● ACTIVITY
From the line with "Chart : Stateflow" to the line with "state Decelerer : chute vitesse", retype every line exactly, including those two, and leave out the rest of the data below.

● PROVIDED DATA
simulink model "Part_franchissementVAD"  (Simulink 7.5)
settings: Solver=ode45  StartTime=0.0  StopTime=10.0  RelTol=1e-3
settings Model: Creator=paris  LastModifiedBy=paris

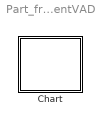
== system Part_franchissementVAD ==
  Chart : Stateflow chart  TreatAsAtomicUnit=on

== stateflow chart Chart ==
  state franchissement VAD
    state Entree
      Virage
      state SV [parallel]
        settings: executionOrder=2
        state SVG
          optim
        state SVD
          optim
      state MANOEUVRES TACTIQUES [parallel]
        settings: executionOrder=1
        state MANOEUVRES ATTENDUES
          state Decelerer : chute vitesse
        state RECUPERATIONS
      state ACTIONS OPERATIONNELLES [parallel]
        settings: executionOrder=3
        state ACTIONS ATTENDUES
          state FreinFluide : frein non nul
            mais pas fort sans rupture
          state VolantFluide : braquage
        state ACTIONS RECUPERATIONS
          state FreinFort
      (default) -> (junction 80) : [ml.progression_SV<>0]
    state Sortie
      Virage
      state SV
        state SVG defaut
        state SVD1
        state SVD
      state MANOEUVRES TACTIQUES
        state MANOEUVRES ATTENDUES
          state Accelerer
          state Redresser
        state RECUPERATIONS
          state freiner
      state ACTIONS OPERATIONNELLES
        state ACTIONS ATTENDUES
          state VolantFluide : contrebraquage
        state Coup de
          volant
        state FREIN
        state ACTIONS RECUPERATIONS
    state Approche
      Virage
      state SVG => optim
    state Fin Gestion
      Courbe
      state ACTIONS OPERATIONNELLES
        state ACTIONS1 ATTENDUES
          state VolantFluide : braquage
        state Coup de
          volant
        state FREIN
        state ACTIONS RECUPERATIONS
      state SV
        state SVG defaut
        state SVD optimisation
        state SVD
      state MANOEUVRES TACTIQUES
        state RECUPERATIONS
          state Tourner brutal
          state Decelerer brutal
        state MANOEUVRES ATTENDUES
          state Tourner
    state Debut Gestion
      Courbe
      state ACTIONS OPERATIONNELLES
        state ACTIONS ATTENDUES
          state FreinFluide : frein non nul
            mais pas fort sans rupture
          state VolantFluide : braquage
        state ACTIONS RECUPERATIONS
        state FreinFort
        state ACTIONS Possibles
          state contrebraquage =
            optimisation
        state FreinTardif
        state Coup de
          volant
      state MANOEUVRES TACTIQUES
        state MANOEUVRES ATTENDUES
          state Tourner
          state Decelerer
        state RECUPERATIONS
          state Tourner brutal
          state Decelerer brutal
      state SV
        state SVG
          defaut
        state SVD
          optilm si piste cyclable
    (default) -> Approche [order 2] : [ml.distPtA<=50]
    Approche -> Entree : [ml.distPtA<=10]
    Entree -> Debut Gestion : [ml.distPtA==0]
    Fin Gestion -> Sortie : [ml.distPtC==0]
    Debut Gestion -> Fin Gestion : [ml.distPtB==0]
    (default) -> (junction 79) [order 1] : [ml.lateralisation_SV==-1]
    (default) -> (junction 81) [order 3] : [ml.lateralisation_SV==1]
  state JUGEMENT ADEQUATION MANOEUVRE SORTIE DE VOIE
    state Sortie Voie Optimisation
    state Sortie Voie Defaut
    state Sortie Voie AUTRE
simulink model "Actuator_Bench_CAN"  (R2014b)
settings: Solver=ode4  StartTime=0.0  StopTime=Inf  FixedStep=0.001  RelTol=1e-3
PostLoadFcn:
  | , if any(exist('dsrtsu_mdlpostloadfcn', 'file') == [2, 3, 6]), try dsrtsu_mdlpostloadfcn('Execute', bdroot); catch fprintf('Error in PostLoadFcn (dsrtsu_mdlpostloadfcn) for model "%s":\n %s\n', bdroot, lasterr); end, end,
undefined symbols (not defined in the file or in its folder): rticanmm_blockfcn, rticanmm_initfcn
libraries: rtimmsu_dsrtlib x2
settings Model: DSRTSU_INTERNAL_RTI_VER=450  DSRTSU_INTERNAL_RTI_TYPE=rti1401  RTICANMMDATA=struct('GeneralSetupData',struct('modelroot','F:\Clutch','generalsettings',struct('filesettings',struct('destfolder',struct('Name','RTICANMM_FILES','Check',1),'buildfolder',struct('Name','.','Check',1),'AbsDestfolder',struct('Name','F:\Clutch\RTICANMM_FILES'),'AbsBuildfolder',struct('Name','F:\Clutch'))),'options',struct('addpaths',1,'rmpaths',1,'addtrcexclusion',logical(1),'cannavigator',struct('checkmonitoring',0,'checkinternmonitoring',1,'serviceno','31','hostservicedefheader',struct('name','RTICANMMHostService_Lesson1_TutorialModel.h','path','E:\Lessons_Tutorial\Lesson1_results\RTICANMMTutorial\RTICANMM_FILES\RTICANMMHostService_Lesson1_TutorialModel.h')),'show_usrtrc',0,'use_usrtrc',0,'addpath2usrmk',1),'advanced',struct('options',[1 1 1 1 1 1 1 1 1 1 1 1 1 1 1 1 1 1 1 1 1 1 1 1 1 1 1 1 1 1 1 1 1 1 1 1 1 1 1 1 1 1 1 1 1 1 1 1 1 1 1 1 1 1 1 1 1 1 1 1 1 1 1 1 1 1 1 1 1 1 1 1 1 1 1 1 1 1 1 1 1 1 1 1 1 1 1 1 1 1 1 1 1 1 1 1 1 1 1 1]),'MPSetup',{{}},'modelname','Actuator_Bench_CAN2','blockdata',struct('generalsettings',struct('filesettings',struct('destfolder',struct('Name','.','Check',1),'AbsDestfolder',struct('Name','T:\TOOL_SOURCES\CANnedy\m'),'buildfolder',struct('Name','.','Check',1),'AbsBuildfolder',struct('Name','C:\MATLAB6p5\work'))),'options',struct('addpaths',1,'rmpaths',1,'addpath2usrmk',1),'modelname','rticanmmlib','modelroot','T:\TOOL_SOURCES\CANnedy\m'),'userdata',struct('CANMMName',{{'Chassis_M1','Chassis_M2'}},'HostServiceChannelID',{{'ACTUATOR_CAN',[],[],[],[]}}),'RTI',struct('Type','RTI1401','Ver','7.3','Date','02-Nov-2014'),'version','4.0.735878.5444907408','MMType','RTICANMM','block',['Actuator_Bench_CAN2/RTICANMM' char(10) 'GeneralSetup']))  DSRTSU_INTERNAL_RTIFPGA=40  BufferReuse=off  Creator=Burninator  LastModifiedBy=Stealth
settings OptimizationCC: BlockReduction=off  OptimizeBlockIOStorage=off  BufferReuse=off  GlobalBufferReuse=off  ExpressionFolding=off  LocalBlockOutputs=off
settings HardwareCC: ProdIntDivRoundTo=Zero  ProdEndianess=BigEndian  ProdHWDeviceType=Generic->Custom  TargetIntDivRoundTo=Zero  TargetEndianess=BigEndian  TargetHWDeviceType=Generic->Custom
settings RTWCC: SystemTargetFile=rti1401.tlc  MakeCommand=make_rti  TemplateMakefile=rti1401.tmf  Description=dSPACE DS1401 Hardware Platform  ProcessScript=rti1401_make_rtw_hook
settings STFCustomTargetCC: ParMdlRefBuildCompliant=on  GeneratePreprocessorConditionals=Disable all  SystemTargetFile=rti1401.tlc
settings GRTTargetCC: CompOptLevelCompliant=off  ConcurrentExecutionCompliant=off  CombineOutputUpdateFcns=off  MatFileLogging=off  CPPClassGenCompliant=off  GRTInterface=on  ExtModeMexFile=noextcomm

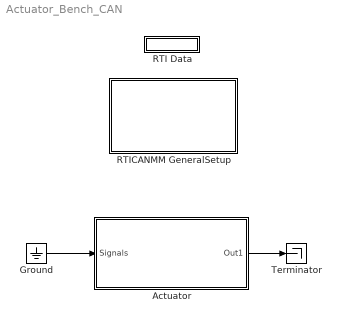
== system Actuator_Bench_CAN ==
  Actuator : Subsystem
  Ground : Ground
  RTI Data : Subsystem  Tag=struct('RTIDataServer',struct('RTIDataServerVs','2','RTIModelDescription','struct(''main'',''Actuator_Bench_CAN2'',''sub'','''',''isMp'',0)'))  LoadFcn="if exist('rtidc'), try,  rtidc('DataHostBlockClbLoad', gcbh); catch, disp(['Warning: ''LoadFcn'' for RTI Data block failed: ' lasterr]); end, end,"  mask(RTI_DATA_HOST){}
      mask help:
      | RTI Data Block.
      | This block is used by RTI to store internal model-dependent data.
      | Please keep this block on the root level of the model. Deleting this block will result in data loss.
      |
      | NEVER DELETE OR COPY THIS BLOCK!
      settings: CopyFcn="if exist('rtidc'), try,  rtidc('DataHostBlockClbCopy', gcbh); catch, disp(['Warning: ''CopyFcn'' for RTI Data block failed: ' lasterr]); end, end,"  DeleteFcn="if exist('rtidc'), try,  rtidc('DataHostBlockClbDelete', gcbh); catch, disp(['Warning: ''DeleteFcn'' for RTI Data block failed: ' lasterr]); end, end,"  ModelCloseFcn="if exist('rtidc'), try,  rtidc('DataHostBlockClbModelClose', gcbh); catch, disp(['Warning: ''ModelCloseFcn'' for RTI Data block failed: ' lasterr]); end, end,"  PreSaveFcn="if exist('rtidc'), try,  rtidc('DataHostBlockClbPreSave', gcbh); catch, disp(['Warning: ''PreSaveFcn'' for RTI Data block failed: ' lasterr]); end, end,"  PostSaveFcn="if exist('rtidc'), try,  rtidc('DataHostBlockClbPostSave', gcbh); catch, disp(['Warning: ''PostSaveFcn'' for RTI Data block failed: ' lasterr]); end, end,"  NameChangeFcn="if exist('rtidc'), try,  rtidc('DataHostBlockClbNameChange', gcbh); catch, disp(['Warning: ''NameChangeFcn'' for RTI Data block failed: ' lasterr]); end, end,"
      mask Help:
      | RTI Data Block.
      | This block is used by RTI to store internal model-dependent data.
      | Please keep this block on the root level of the model. Deleting this block will result in data loss.
      | 
      | NEVER DELETE OR COPY THIS BLOCK!
      mask Display:
      | text(0.5, 0.5, 'RTI Data', 'HorizontalAlignment', 'center');
      | plot([1 0]);
  RTICANMM GeneralSetup : Subsystem  InitFcn=rticanmm_initfcn(gcb, 'CANnedySettings')  ClipboardFcn=rticanmm_blockfcn('ClipboardFcn', 'CANnedySettings', gcb)  mask(RTICANMM){DSProperties=struct('RTI',struct('Version',uint32(1),'BlockType',struct('isSLSource',uint8(1),'isSLSink',uint8(1),'isHWSource',uint8(0),'isHWSink',uint8(0),'isSetup',uint8(0),'isInline',uint8(1),'isNonInline',uint8(0),'isInterrupt',uint8(0),'isChannelwise',uint8(0)),'IOBoardType','RTICANMM','UnitType','RTICANMM','Identifier','GENERALSETUP','DialogType','SL','BlockSet','RTICANMM','SlaveProcessor','CAN')), CANMMDestFolder=RTICANMM_FILES, CANMMBuildDir=., CANMMAddPaths=on, CANMMAddpathUserMake=on, CANMMRemovePathOnclose=on, CANMMType=CANnedySettings, CANMMProperties=struct('modelroot','F:\Clutch','generalsettings',struct('filesettings',struct('destfolder',struct('Name','RTICANMM_FILES','Check',1),'buildfolder',struct('Name','.','Check',1),'AbsDestfolder',struct('Name','F:\Clutch\RTICANMM_FILES'),'AbsBuildfolder',struct('Name','F:\Clutch'))),'options',struct('addpaths',1,'rmpaths',1,'addtrcexclusion',logical(1),'cannavigator',struct('checkmonitoring',0,'checkinternmonitoring',1,'serviceno','31','hostservicedefheader',struct('name','RTICANMMHostService_Lesson1_TutorialModel.h','path','E:\Lessons_Tutorial\Lesson1_results\RTICANMMTutorial\RTICANMM_FILES\RTICANMMHostService_Lesson1_TutorialModel.h')),'show_usrtrc',0,'use_usrtrc',0,'addpath2usrmk',1),'advanced',struct('options',[1 1 1 1 1 1 1 1 1 1 1 1 1 1 1 1 1 1 1 1 1 1 1 1 1 1 1 1 1 1 1 1 1 1 1 1 1 1 1 1 1 1 1 1 1 1 1 1 1 1 1 1 1 1 1 1 1 1 1 1 1 1 1 1 1 1 1 1 1 1 1 1 1 1 1 1 1 1 1 1 1 1 1 1 1 1 1 1 1 1 1 1 1 1 1 1 1 1 1 1]),'MPSetup',{{}},'modelname','Actuator_Bench_CAN2','blockdata',struct('generalsettings',struct('filesettings',struct('destfolder',struct('Name','.','Check',1),'AbsDestfolder',struct('Name','T:\TOOL_SOURCES\CANnedy\m'),'buildfolder',struct('Name','.','Check',1),'AbsBuildfolder',struct('Name','C:\MATLAB6p5\work'))),'options',struct('addpaths',1,'rmpaths',1,'addpath2usrmk',1),'modelname','rticanmmlib','modelroot','T:\TOOL_SOURCES\CANnedy\m'),'userdata',struct('CANMMName',{{'Chassis_M1','Chassis_M2'}},'HostServiceChannelID',{{'ACTUATOR_CAN',[],[],[],[]}}),'RTI',struct('Type','RTI1401','Ver','7.3','Date','02-Nov-2014'),'version','4.0.735878.5444907408','MMType','RTICANMM','block',['Actuator_Bench_CAN2/RTICANMM' char(10) 'GeneralSetup'])}
      mask prompts: CANMMDestFolder "Destination Folder for generated Files:"; CANMMBuildDir "Build Directory (*_usr.mk, *_usr.trc)"; CANMMAddPaths "Add Paths automatically"; CANMMAddpathUserMake "Add Paths to UserMake-File"; CANMMRemovePathOnclose "Remove added Path on ModelClose"
      mask init:
      | rticanmm_initfcn(gcb,'CANnedyGeneralSettings')
      settings: CopyFcn=rticanmm_blockfcn('CopyFcn', 'CANnedySettings', gcb)  DeleteFcn=rticanmm_blockfcn('DeleteFcn', 'CANnedySettings', gcb)  ModelCloseFcn=rticanmm_blockfcn('CloseFcn', 'CANnedyGeneralSettings', gcb)  NameChangeFcn=rticanmm_blockfcn('NameChangeFcn', 'CANnedySettings', gcb)  OpenFcn=try, rticanmm_gs_gui('create',gcb), ; catch,errordlg({lasterr, '','Please check your RTI installation.'},['Error: ' upper(bdroot)], 'replace'); end  MoveFcn=rticanmm_blockfcn('MoveFcn', 'CANnedySettings', gcb)
      mask Help: eval('rticanmm_quickstart(''create'', gcb);', 'disp(lasterr);')
      mask Display: disp(sprintf(['RTI CAN\nMultiMessage\nGeneralSetup']))
  Terminator : Terminator
  wires:
  Actuator/1(Out1) -> Terminator/1
  Ground/1 -> Actuator/1(Signals)

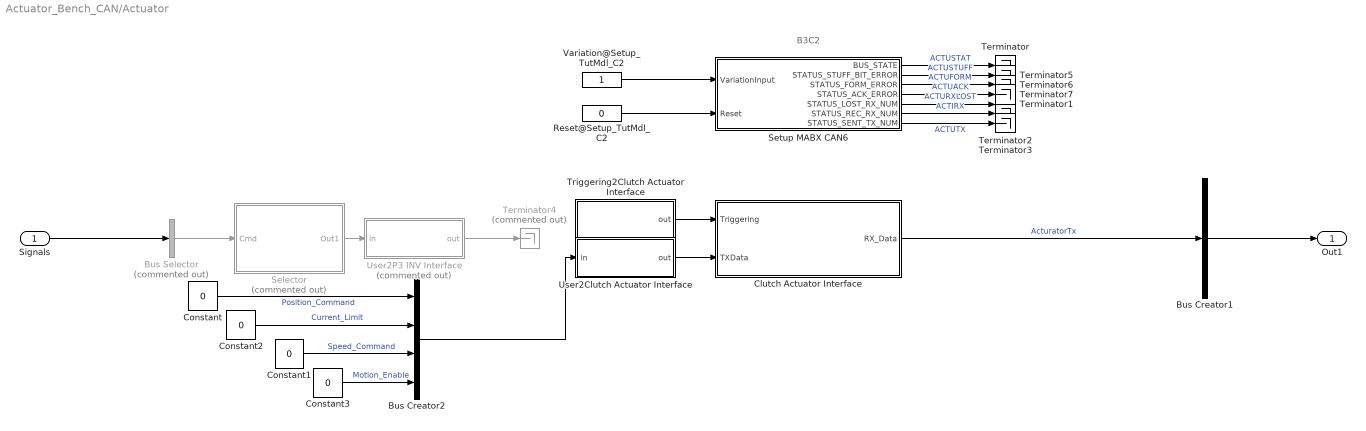
== system Actuator_Bench_CAN/Actuator ==
  note: B3C2
  Signals : Inport
  Bus Creator1 : BusCreator  Inputs=1
  Bus Creator2 : BusCreator
  Bus Selector : BusSelector  Commented=on  OutputSignals=ExecutiveCommands.ComponentStateControl.P3InvCtrl.InverterEnable[Flag],ExecutiveCommands.ComponentStateControl.P3InvCtrl.DischargeEnable[Flag],ExecutiveCommands.ComponentStateControl.P3InvCtrl.Direction[Flag],ExecutiveCommands.TorqueControl.P3Trq.P3TorqueCommand[Nm]  OutputAsBus=on
  Clutch Actuator Interface : Subsystem  InitFcn=rticanmm_blockfcn('InitFcn', 'CANnedy', gcb)  ClipboardFcn=rticanmm_blockfcn('ClipboardFcn', 'CANnedy', gcb)  mask(RTICANMM){DSProperties=struct('RTI',struct('Version',uint32(1),'BlockType',struct('isSLSource',uint8(1),'isSLSink',uint8(1),'isHWSource',uint8(0),'isHWSink',uint8(0),'isSetup',uint8(0),'isInline',uint8(1),'isNonInline',uint8(0),'isInterrupt',uint8(0),'isChannelwise',uint8(0)),'IOBoardType','RTICANMM','UnitType','RTICANMM','Identifier','Mainblock','DialogType','SL','BlockSet','RTICANMM','SlaveProcessor','CAN')), CANMMProperties=struct('RTICANMMVersion','4.0','RTICANMMVersionIntern','4.0.735878.5444907408','RTICANMMDate','02-Nov-2014','Settings','RTICANMM_MAIN_CAN6','UserTracePath','','ModelPath','F:\Clutch','filesettings',struct('FileName','Clutch.dbc','IsRelative',1,'ClusterId',1,'ClusterList',{{'default'}},'destfolder',struct('Name','RTICANMM_FILES','Check',1),'buildfolder',struct('Name','.','Check',1),'onlyfreerawcapture',0,'overlapping2variant',0,'canfdsupport',0),'onlyfreerawcapture',0,'Board',['CAN Type 1'],'BoardNum','3','ChannelNum','2','Variation','1','SetupId','ACTUATOR_CAN','MARK',['4B451E4CC965ABA1126FF18852ACAC';'52181FAC453988346E72CD977C4BB0';'1EB0637A588B713B34B1F65E3CCCD4';'7A7D1E3C4C054BB56A755C5D40C18B';'1806BA38BE006B3F777393E4A2C54E'],'date','06-Jan-2017','clock',['06.01.2017 16:38:25'],'recreate',0,'RTIVER','RTI1401','j1939',0,'TRC',struct('include',1),'rtsupport',struct('XMLFile','F:\Clutch\RTICANMM_FILES\RTICANMM_MAIN_CAN6.xml','DBCXML',struct('Path','F:\Clutch\RTICANMM_FILES\RTICANMM_MAIN_CAN6_dbc.xml','support',1,'Name','Clutch.dbc','Date',['06-Jan-2017 16:32:48'],'Type','extended','DBCSupport','ON'))), CANMMType=CANnedy, CANMMUserTraceMerged=off, CANMMUserTracePath=, CANMMChannelNum=2, CANMMBoardNum=3, CANMMDestFolder=RTICANMM_FILES, CANMMFolder=., CANMMSetupId=ACTUATOR_CAN, CANMMsave2mat=['4B451E4CC965ABA1126FF18852ACAC';'52181FAC453988346E72CD977C4BB0';'1EB0637A588B713B34B1F65E3CCCD4';'7A7D1E3C4C054BB56A755C5D40C18B';'1806BA38BE006B3F777393E4A2C54E'], CANMMName=CAN6, CANMMSettings=RTICANMM_MAIN_CAN6, CANMMIntermediateTag=RTICANMM_MAIN_CAN6_intermediate, CANMMsfcnname=RTICANMM_MAIN_CAN6}
      mask init:
      | rticanmm_initfcn(gcb, CANMMType, CANMMsfcnname)
      settings: AttributesFormatString=ACTUATOR_CAN[CAN6]: DS1401_B3_C2_V1  CopyFcn=rticanmm_blockfcn('CopyFcn', 'CANnedy', gcb)  DeleteFcn=rticanmm_blockfcn('DeleteFcn', 'CANnedy', gcb)  ModelCloseFcn=rticanmm_blockfcn('ModelCloseFcn', 'CANnedy', gcb)  NameChangeFcn=rticanmm_blockfcn('NameChangeFcn', 'CANnedy', gcb)  OpenFcn=try, rticanmm_main_gui('create',gcb); ; catch,errordlg({lasterr, '','Please check your RTI installation.'},['Error: ' upper(bdroot)], 'replace'); end  MoveFcn=rticanmm_blockfcn('MoveFcn', 'CANnedy', gcb)
      mask Help: eval('rticanmm_quickstart(''create'', gcb);', 'disp(lasterr);')
      mask Display:
      | disp(sprintf('RTI CAN\nMultiMessage\nMainSetup'))
      | port_label('input', 1, 'Triggering')
      | port_label('input', 2, 'TX Data')
      | port_label('output', 1, 'RX Data')
  Constant{,1..3} (4 alike) : Constant  Value=0
  Reset@Setup_TutMdl_C2 : Constant  Value=0  OutDataTypeStr=boolean
  Selector : Subsystem  Commented=on
  Setup MABX CAN6 : Subsystem  InitFcn=rticanmm_blockfcn('InitFcn', 'CANnedySetup', gcb)  ClipboardFcn=rticanmm_blockfcn('ClipboardFcn', 'CANnedySetup', gcb)  mask(RTICANMM){DSProperties=struct('RTI',struct('Version',uint32(1),'BlockType',struct('isSLSource',uint8(1),'isSLSink',uint8(1),'isHWSource',uint8(0),'isHWSink',uint8(0),'isSetup',uint8(0),'isInline',uint8(1),'isNonInline',uint8(0),'isInterrupt',uint8(0),'isChannelwise',uint8(0)),'IOBoardType','RTICANMM','UnitType','RTICANMM','Identifier','BUSSETUP','DialogType','SL','BlockSet','RTICANMM','SlaveProcessor','CAN')), CANMMProperties=struct('cannedy',struct('data',struct('options',struct('controllername','ACTUATOR_CAN','controllernameautomatic',[],'loglevel','0','checkrealtime',0,'checkchangebaudrate',0,'sampletime','1.000','CANControllerStatus',1,'NumberofStuffErr',1,'NumberofFormErr',1,'NumberofAckErr',1,'NumberofBit0Err',0,'NumberofsuccrecRX',1,'Numberofsuccsent',1,'NumberofBit1Err',0,'NumberofCRCErr',0,'NumberoflostRX',1,'Busoff',0,'Busload',0,'OperationPending',0,'TxRetryCount',3,'addtrcexclusion',logical(1),'cannavigator',struct('checkmonitoring',0,'checkinternmonitoring',0),'show_usrtrc',0,'use_usrtrc',0,'checkchangebaudrateFD',0),'modelroot','E:\Lessons_Tutorial\Lesson10_results\RTICANMMTutorial','generalsettings',struct('setupdata',struct('board',['CAN Type 1'],'boardno',3,'channelno',2,'Type','EXT','transceiver','ISO11898-2','busconfig','0x0','feedthrough','false','resistance',struct('r120',1,'roff',0,'r16',1,'r10',0),'baudrate','250','Frequency',[24 36],'samplemode',1,'commChannelTJA1041',6,'config',struct('standard',1,'advanced',0,'register',struct('btr0','0xC1','btr1','0x6F','sp','70','sjw','3','tseg1','15','tseg2','6','brp','1','smpl','0','btr0_36','0xC2','btr1_36','0x6F','sp_36','70','sjw_36','3','tseg1_36','15','tseg2_36','6','brp_36','2','smpl_36','0','btr0_64','0x47','btr1_64','0x1C','sp_64','87','sjw_64','1','tseg1_64','12','tseg2_64','1','brp_64','7','smpl_64','0')),'channelcfg',struct('INTENDISABLE','CAN_INT_DISABLE','intenable',0),'SETUPID','RTICANMM_ACTUATOR_CAN_ID','CONTROLLER_ID','CANMM_CTL_SETUP_ACTUATOR_CAN','mainblock_includefile','RTICANMM_SETUP_ACTUATOR_CAN','canfdenable',0,'canfdboardselected',0,'slotno',1,'moduletype','DS4342','baudrateFD','4000','termination','TERMINATION_ON'),'filesettings',struct('destfolder',struct('Name','RTICANMM_FILES','Check',1),'buildfolder',struct('Name','.','Check',1))),'advanced',struct('options',[1 1 1 1 1 1 1 1 1 1 1 1 1 1 1 1 1 1 1 1 1 1 1 1 1 1 1 1 1 1 1 1 1 1 1 1 1 1 1 1 1 1 1 1 1 1 1 1 1 1 1 1 1 1 1 1 1 1 1 1 1 1 1 1 1 1 1 1 1 1 1 1 1 1 1 1 1 1 1 1 1 1 1 1 1 1 1 1 1 1 1 1 1 1 1 1 1 1 1 1]),'partialnetdata',struct('switchedon',0,'format','STD','idmask',['XXXXX XXXXXXXX XXXXXXXX XXXXXXXX'],'idcode','0','idfilter','0','datamaskused',0,'datalength','0','datamask','0x0000000000000000','partialnetworkenable',0)),'blk',['Actuator_Bench_CAN2/Actuator/Setup MABX CAN6'],'allgeneratedfiles',{{'F:\Clutch\RTICANMM_FILES\RTICANMM_SETUP_ACTUATOR_CAN.c','F:\Clutch\RTICANMM_FILES\RTICANMM_SETUP_ACTUATOR_CAN.h','f:\clutch\rticanmm_files\rticanmm_setup_actuator_can.mexw64'}},'ismp',logical(0),'BlockDataVersion','0.7.0','recreate',0,'CANnedyTag','ACTUATOR_CAN'),'CANnedynew',0,'CANnedySettings','ACTUATOR_CAN','GeneratedFiles',{{'F:\Clutch\RTICANMM_FILES\RTICANMM_SETUP_ACTUATOR_CAN.c','F:\Clutch\RTICANMM_FILES\RTICANMM_SETUP_ACTUATOR_CAN.h','f:\clutch\rticanmm_files\rticanmm_setup_actuator_can.mexw64'}},'SFCN','RTICANMM_SETUP_ACTUATOR_CAN.c','HostService',struct('Tags',struct('DATA','RTICANMM_MonitorData','TimeStampGlobal','RTICANMM_MonitoringTimeStamp','TimeStampGlobalEnable','RTICANMM_MonitoringTimeStampEnable','Enable','CANMMMonitor_ACTUATOR_CAN','TimeStamp','MonitoringTimeStamp_ACTUATOR_CAN'),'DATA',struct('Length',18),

● TASK ANSWER
  Chart : Stateflow chart  TreatAsAtomicUnit=on

== stateflow chart Chart ==
  state franchissement VAD
    state Entree
      Virage
      state SV [parallel]
        settings: executionOrder=2
        state SVG
          optim
        state SVD
          optim
      state MANOEUVRES TACTIQUES [parallel]
        settings: executionOrder=1
        state MANOEUVRES ATTENDUES
          state Decelerer : chute vitesse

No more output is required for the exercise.